YOUR GOAL: Only the lines from the one containing "#164=CARTESIAN_POINT('',(-14.,12.4,1.25));" through the last line of the entries are wanted. Transcribe them exactly.

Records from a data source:
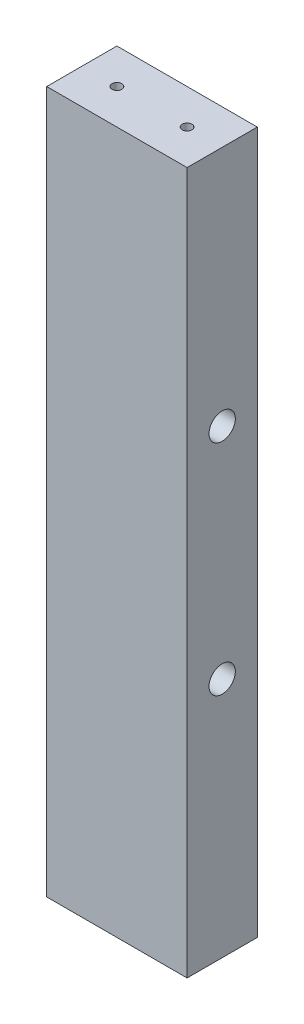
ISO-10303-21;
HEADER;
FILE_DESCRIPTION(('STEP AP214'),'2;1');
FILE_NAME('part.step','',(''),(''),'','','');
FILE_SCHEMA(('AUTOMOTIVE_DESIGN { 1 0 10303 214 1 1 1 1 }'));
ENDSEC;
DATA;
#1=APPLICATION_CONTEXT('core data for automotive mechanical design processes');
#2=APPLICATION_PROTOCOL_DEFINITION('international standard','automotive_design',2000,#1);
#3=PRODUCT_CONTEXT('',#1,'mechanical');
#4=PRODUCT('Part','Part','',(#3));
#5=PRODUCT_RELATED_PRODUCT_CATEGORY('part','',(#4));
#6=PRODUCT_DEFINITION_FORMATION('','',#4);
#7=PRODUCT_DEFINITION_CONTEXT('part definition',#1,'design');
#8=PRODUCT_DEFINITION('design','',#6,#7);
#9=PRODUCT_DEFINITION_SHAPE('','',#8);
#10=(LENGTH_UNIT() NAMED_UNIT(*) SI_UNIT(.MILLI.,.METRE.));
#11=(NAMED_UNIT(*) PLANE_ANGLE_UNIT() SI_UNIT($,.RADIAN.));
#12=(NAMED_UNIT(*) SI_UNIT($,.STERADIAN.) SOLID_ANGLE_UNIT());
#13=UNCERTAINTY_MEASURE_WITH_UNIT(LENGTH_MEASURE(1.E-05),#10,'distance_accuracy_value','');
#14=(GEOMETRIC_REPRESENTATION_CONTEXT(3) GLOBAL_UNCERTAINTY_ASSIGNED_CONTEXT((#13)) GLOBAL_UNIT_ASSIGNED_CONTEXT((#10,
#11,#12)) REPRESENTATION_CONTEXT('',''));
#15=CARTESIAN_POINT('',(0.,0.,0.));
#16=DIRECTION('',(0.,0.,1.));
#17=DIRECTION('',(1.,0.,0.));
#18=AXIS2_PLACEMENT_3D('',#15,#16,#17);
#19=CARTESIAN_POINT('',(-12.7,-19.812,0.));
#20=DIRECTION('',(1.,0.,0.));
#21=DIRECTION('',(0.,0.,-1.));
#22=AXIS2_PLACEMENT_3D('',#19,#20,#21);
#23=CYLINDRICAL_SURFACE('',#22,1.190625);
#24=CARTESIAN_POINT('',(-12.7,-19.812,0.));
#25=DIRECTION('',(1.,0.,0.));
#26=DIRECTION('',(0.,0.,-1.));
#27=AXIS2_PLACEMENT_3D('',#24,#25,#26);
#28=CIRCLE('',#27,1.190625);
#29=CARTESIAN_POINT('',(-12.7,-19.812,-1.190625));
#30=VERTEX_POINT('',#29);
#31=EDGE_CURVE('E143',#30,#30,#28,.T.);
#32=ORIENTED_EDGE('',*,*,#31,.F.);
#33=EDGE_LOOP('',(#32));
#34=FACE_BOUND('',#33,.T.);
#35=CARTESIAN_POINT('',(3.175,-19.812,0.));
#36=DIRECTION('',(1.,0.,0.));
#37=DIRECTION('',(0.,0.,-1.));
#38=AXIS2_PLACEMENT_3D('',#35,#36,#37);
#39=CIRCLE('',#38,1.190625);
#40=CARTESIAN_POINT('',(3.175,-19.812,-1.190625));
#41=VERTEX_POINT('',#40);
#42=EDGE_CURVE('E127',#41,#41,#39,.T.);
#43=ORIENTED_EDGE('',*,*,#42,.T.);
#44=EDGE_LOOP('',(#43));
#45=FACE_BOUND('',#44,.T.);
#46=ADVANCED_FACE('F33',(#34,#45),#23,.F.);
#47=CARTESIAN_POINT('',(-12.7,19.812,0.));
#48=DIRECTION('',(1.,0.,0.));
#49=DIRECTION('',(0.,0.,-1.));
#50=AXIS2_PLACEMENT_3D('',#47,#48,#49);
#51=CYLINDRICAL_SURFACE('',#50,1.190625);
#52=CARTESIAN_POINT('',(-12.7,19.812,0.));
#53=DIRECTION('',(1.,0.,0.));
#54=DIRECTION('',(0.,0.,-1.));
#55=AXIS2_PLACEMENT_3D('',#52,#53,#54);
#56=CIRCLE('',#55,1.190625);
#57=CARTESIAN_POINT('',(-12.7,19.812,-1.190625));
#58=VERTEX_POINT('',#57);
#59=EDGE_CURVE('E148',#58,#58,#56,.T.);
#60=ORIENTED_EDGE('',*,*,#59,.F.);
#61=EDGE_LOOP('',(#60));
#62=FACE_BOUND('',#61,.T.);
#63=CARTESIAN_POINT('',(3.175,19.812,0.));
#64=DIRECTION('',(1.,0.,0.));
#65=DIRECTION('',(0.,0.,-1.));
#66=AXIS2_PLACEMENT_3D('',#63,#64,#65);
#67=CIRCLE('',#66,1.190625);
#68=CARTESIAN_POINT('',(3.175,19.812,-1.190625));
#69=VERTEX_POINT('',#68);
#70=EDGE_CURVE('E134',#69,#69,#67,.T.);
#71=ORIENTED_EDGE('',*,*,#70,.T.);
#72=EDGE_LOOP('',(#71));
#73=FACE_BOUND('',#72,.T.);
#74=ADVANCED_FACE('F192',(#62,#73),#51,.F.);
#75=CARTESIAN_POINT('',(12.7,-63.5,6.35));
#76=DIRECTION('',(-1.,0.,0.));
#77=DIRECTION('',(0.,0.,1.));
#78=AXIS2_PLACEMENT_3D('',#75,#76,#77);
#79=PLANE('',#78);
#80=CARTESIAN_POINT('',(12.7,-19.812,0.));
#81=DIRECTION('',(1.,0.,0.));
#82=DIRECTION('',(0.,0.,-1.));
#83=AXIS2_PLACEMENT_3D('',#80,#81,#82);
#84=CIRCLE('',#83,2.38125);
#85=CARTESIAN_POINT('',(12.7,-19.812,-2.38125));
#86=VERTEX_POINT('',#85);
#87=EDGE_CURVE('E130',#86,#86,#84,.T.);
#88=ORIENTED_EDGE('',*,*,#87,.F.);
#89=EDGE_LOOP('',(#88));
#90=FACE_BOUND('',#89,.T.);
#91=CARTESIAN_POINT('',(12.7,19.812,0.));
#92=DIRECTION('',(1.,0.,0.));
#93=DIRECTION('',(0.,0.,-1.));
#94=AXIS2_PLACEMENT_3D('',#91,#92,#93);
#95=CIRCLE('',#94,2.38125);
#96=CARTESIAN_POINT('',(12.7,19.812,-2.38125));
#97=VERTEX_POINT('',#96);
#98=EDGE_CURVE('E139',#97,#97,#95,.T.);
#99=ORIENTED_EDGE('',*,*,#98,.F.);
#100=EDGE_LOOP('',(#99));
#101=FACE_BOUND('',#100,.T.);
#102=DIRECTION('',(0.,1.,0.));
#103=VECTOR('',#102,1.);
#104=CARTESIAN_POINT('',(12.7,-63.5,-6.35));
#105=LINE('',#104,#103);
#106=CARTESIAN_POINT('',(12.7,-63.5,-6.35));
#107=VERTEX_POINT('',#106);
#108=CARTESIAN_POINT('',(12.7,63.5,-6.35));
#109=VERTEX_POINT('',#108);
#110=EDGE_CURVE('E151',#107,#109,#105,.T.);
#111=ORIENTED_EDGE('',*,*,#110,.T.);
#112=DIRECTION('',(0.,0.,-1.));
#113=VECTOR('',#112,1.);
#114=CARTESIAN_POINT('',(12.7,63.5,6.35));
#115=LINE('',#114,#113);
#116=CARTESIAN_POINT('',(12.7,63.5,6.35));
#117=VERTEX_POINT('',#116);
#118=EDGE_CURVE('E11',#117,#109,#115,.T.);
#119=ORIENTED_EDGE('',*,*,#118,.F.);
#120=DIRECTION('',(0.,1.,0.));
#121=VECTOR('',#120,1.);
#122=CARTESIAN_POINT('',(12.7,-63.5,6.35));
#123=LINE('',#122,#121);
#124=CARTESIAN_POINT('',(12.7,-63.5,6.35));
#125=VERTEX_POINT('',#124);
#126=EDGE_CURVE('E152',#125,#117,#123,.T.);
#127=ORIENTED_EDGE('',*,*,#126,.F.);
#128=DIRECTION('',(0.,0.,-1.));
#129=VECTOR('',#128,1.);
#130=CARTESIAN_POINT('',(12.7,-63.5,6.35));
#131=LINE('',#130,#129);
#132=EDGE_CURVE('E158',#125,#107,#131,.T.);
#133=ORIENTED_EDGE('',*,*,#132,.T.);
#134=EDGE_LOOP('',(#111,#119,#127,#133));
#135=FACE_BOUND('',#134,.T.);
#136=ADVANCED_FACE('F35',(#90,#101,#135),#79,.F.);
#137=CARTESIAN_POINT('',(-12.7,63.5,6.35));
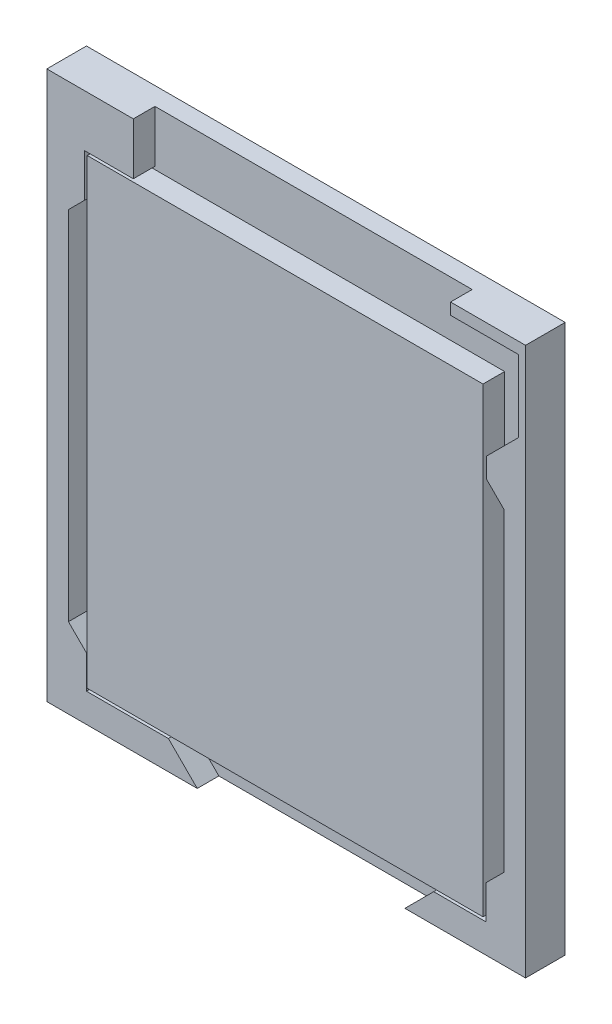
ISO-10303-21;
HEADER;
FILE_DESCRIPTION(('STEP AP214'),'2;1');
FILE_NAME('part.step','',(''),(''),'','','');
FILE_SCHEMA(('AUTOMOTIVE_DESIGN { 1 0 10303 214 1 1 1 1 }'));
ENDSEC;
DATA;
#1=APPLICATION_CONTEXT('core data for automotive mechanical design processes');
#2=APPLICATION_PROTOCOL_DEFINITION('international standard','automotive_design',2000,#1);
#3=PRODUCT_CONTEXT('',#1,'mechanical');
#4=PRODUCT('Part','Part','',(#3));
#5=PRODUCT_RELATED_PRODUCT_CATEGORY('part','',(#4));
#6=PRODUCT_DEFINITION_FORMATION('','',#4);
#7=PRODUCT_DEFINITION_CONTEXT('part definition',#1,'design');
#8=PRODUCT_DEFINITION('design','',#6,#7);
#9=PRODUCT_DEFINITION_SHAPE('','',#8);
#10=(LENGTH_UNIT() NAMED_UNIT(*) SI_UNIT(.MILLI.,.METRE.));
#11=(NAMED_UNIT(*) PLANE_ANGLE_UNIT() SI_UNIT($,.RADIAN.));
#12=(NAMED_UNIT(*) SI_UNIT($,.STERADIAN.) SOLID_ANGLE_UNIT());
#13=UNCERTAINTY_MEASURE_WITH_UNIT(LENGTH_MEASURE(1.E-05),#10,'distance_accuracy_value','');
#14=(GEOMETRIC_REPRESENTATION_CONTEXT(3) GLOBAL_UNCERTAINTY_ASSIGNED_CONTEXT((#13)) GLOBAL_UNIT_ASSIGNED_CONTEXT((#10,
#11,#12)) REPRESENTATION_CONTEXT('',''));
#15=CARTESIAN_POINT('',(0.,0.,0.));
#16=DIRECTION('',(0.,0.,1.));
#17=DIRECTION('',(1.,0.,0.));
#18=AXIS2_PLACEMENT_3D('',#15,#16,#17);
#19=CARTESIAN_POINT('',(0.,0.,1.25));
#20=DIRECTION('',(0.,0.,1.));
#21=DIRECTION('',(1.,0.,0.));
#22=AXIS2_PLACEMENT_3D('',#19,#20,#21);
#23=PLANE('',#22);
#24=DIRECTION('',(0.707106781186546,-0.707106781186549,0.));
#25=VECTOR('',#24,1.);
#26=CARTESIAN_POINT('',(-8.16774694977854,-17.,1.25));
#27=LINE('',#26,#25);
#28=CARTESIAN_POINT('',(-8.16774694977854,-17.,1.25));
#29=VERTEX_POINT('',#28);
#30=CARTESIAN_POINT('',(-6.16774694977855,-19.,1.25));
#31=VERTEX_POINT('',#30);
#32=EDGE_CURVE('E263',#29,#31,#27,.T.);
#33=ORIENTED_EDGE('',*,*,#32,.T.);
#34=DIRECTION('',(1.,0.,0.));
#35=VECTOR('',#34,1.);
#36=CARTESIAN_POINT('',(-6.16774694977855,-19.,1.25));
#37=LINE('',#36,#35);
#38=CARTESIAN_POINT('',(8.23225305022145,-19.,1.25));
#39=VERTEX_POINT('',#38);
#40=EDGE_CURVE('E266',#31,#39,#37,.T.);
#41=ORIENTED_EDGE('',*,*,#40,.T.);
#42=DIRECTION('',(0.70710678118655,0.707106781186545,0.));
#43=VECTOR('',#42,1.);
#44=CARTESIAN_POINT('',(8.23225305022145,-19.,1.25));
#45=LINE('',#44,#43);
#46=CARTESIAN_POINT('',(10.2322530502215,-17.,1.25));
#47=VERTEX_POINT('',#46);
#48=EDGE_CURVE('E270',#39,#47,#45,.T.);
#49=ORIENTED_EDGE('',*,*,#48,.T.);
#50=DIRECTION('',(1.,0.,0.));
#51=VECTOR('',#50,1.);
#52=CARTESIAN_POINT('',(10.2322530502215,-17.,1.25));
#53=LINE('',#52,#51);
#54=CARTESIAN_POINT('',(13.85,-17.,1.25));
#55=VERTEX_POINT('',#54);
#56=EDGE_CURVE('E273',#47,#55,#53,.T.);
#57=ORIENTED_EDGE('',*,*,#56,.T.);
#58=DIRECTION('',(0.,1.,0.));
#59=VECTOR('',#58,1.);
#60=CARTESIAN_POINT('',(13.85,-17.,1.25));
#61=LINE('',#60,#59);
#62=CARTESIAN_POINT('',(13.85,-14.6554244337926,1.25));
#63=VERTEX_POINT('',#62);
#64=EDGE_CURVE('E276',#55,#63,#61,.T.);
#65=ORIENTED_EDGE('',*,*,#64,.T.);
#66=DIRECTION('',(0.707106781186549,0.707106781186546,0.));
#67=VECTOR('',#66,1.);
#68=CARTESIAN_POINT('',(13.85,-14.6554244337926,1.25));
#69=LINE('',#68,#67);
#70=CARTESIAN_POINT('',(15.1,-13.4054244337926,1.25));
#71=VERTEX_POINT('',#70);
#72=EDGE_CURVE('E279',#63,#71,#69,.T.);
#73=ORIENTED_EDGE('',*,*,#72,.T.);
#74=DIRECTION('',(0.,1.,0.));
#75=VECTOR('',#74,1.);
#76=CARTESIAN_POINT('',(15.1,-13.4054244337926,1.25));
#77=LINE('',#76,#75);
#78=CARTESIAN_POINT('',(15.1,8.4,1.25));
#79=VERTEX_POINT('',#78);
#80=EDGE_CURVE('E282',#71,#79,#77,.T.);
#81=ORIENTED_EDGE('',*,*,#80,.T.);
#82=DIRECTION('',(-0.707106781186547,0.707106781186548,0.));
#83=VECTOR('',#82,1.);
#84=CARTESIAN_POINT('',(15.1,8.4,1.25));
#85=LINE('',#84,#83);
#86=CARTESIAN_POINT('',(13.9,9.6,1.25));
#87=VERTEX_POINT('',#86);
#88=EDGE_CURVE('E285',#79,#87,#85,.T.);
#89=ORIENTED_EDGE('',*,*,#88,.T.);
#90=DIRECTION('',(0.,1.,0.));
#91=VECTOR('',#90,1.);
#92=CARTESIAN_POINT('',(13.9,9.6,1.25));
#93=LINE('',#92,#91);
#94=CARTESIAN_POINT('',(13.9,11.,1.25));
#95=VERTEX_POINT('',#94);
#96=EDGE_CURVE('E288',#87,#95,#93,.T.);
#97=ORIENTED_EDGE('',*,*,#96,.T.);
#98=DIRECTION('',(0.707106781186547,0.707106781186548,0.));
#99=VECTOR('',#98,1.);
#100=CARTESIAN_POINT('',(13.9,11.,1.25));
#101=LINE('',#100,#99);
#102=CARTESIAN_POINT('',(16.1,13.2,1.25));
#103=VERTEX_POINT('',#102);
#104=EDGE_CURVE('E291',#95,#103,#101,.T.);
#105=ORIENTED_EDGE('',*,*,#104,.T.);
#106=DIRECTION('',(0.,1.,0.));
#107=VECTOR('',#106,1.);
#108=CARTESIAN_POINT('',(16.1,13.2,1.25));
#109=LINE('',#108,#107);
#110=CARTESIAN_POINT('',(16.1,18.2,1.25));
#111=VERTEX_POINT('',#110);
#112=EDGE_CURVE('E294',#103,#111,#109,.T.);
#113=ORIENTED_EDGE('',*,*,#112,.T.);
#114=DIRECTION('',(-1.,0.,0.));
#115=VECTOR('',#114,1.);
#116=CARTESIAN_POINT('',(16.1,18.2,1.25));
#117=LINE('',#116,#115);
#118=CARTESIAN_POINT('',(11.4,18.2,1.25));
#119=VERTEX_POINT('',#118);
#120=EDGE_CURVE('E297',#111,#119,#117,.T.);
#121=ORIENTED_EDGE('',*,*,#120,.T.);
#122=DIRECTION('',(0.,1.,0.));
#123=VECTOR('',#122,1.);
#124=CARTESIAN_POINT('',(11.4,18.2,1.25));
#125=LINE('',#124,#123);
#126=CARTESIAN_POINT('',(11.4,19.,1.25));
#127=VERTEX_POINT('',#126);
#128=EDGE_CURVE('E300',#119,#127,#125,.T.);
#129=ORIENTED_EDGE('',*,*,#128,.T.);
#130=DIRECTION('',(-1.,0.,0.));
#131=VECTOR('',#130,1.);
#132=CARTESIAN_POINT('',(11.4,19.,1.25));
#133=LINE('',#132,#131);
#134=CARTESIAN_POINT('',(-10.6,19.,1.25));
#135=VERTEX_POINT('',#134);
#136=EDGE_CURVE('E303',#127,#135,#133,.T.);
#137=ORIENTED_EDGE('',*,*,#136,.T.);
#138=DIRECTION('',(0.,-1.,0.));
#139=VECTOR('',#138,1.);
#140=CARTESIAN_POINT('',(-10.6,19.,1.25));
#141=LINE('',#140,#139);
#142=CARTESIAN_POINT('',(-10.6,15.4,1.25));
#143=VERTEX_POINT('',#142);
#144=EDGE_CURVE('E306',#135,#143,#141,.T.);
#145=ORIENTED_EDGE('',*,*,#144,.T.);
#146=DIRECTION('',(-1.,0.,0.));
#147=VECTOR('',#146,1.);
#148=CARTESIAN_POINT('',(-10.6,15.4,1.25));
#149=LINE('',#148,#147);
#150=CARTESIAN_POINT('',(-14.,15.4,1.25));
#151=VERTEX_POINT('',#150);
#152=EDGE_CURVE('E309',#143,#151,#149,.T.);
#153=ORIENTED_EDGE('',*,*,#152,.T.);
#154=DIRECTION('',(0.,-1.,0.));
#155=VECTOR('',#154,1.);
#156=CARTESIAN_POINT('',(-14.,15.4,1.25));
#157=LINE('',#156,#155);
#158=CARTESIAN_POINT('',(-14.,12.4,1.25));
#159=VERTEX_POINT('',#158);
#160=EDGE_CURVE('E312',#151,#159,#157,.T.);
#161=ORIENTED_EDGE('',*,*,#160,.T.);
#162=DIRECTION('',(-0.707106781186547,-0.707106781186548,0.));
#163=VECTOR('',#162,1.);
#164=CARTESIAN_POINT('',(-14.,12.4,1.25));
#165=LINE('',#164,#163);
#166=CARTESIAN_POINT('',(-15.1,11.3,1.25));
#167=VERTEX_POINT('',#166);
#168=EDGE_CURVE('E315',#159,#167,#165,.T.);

REPLY:
#164=CARTESIAN_POINT('',(-14.,12.4,1.25));
#165=LINE('',#164,#163);
#166=CARTESIAN_POINT('',(-15.1,11.3,1.25));
#167=VERTEX_POINT('',#166);
#168=EDGE_CURVE('E315',#159,#167,#165,.T.);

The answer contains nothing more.